Acteur majeur de l’histoire du XXe siècle, Mikhaïl Sergueïevitch Gorbatchev, secrétaire général du comité central du Parti communiste d’Union soviétique puis premier, et éphémère dernier président de l’URSS, est mort «  après une longue maladie grave » à l’âge de 91 ans, ont annoncé mardi 30 août les agences de presse russes citant des responsables de l’Hôpital clinique centrale (TSKB) dépendant de la présidence russe. Adulé en Occident, il vivait dans un quasi-anonymat en Russie depuis sa sortie de la vie politique, en 1991. Comble du paradoxe, l’artisan du rapprochement Est-Ouest séduisait les foules en Europe et suscitait l’indifférence chez lui.

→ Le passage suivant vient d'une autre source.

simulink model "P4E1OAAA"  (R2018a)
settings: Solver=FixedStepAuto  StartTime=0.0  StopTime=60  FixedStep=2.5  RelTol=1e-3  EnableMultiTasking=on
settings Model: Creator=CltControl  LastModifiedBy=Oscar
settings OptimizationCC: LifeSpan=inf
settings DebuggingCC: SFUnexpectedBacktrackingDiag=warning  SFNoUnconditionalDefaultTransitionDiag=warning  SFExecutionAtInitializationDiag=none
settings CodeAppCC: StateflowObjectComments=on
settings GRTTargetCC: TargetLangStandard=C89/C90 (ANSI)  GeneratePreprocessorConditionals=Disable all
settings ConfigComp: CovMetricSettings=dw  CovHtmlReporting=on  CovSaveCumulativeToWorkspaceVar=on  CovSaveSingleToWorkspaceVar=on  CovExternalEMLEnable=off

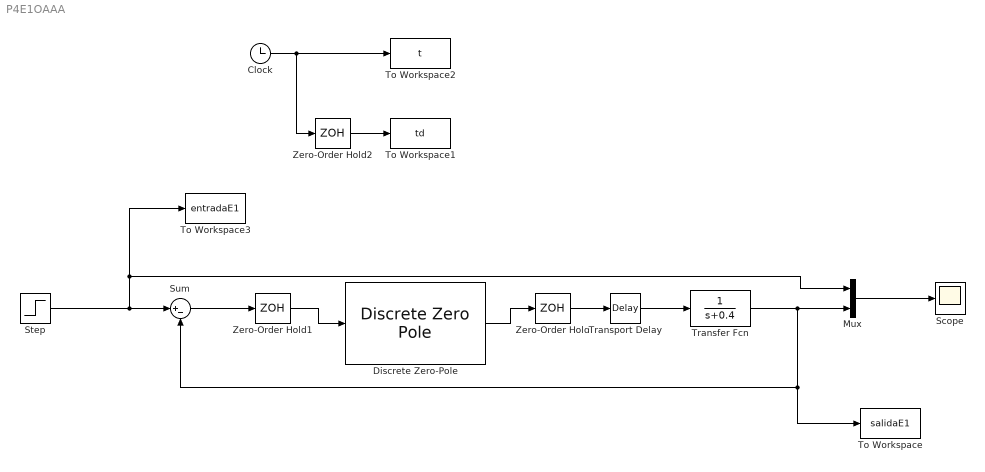
== system P4E1OAAA ==
  Clock : Clock
  Discrete Zero-Pole : DiscreteZeroPole  Zeros=[0.585]  Poles=[1]  Gain=0.21706  SampleTime=2.5
  Mux : Mux  Inputs=2
  Scope : Scope
  Step : Step  Time=0  SampleTime=2.5
  Sum : Sum  Inputs=|+-
  To Workspace : ToWorkspace  VariableName=salidaE1  SampleTime=-1
  To Workspace1 : ToWorkspace  VariableName=td  SampleTime=-1
  To Workspace2 : ToWorkspace  VariableName=t  SampleTime=-1
  To Workspace3 : ToWorkspace  VariableName=entradaE1  SampleTime=-1
  Transfer Fcn : TransferFcn  Denominator=[1 0.4]
  Transport Delay : TransportDelay  DelayTime=5
  Zero-Order Hold : ZeroOrderHold  SampleTime=2.5
  Zero-Order Hold1 : ZeroOrderHold  SampleTime=2.5
  Zero-Order Hold2 : ZeroOrderHold  SampleTime=2.5
  wires:
  Zero-Order Hold1/1 -> Discrete Zero-Pole/1
  Sum/1 -> Zero-Order Hold1/1
  Discrete Zero-Pole/1 -> Zero-Order Hold/1
  Clock/1 -> Zero-Order Hold2/1, To Workspace2/1
  Zero-Order Hold2/1 -> To Workspace1/1
  Zero-Order Hold/1 -> Transport Delay/1
  Transport Delay/1 -> Transfer Fcn/1
  Step/1 -> To Workspace3/1, Mux/1, Sum/1
  Mux/1 -> Scope/1
  Transfer Fcn/1 -> Sum/2, To Workspace/1, Mux/2

En Russie, selon un sondage publié en février 2017 par l’institut Levada, 7 % des personnes interrogées disaient éprouver du respect pour le dernier dirigeant soviétique, lauréat du prix Nobel de la paix en 1990. De ce désamour, il avait pris son parti. En mars 2011, tournant le dos à Moscou l’ingrate, l’homme à la célèbre tâche lie-de-vin sur le front, avait choisi de fêter son 80e anniversaire à l’Albert Hall de Londres.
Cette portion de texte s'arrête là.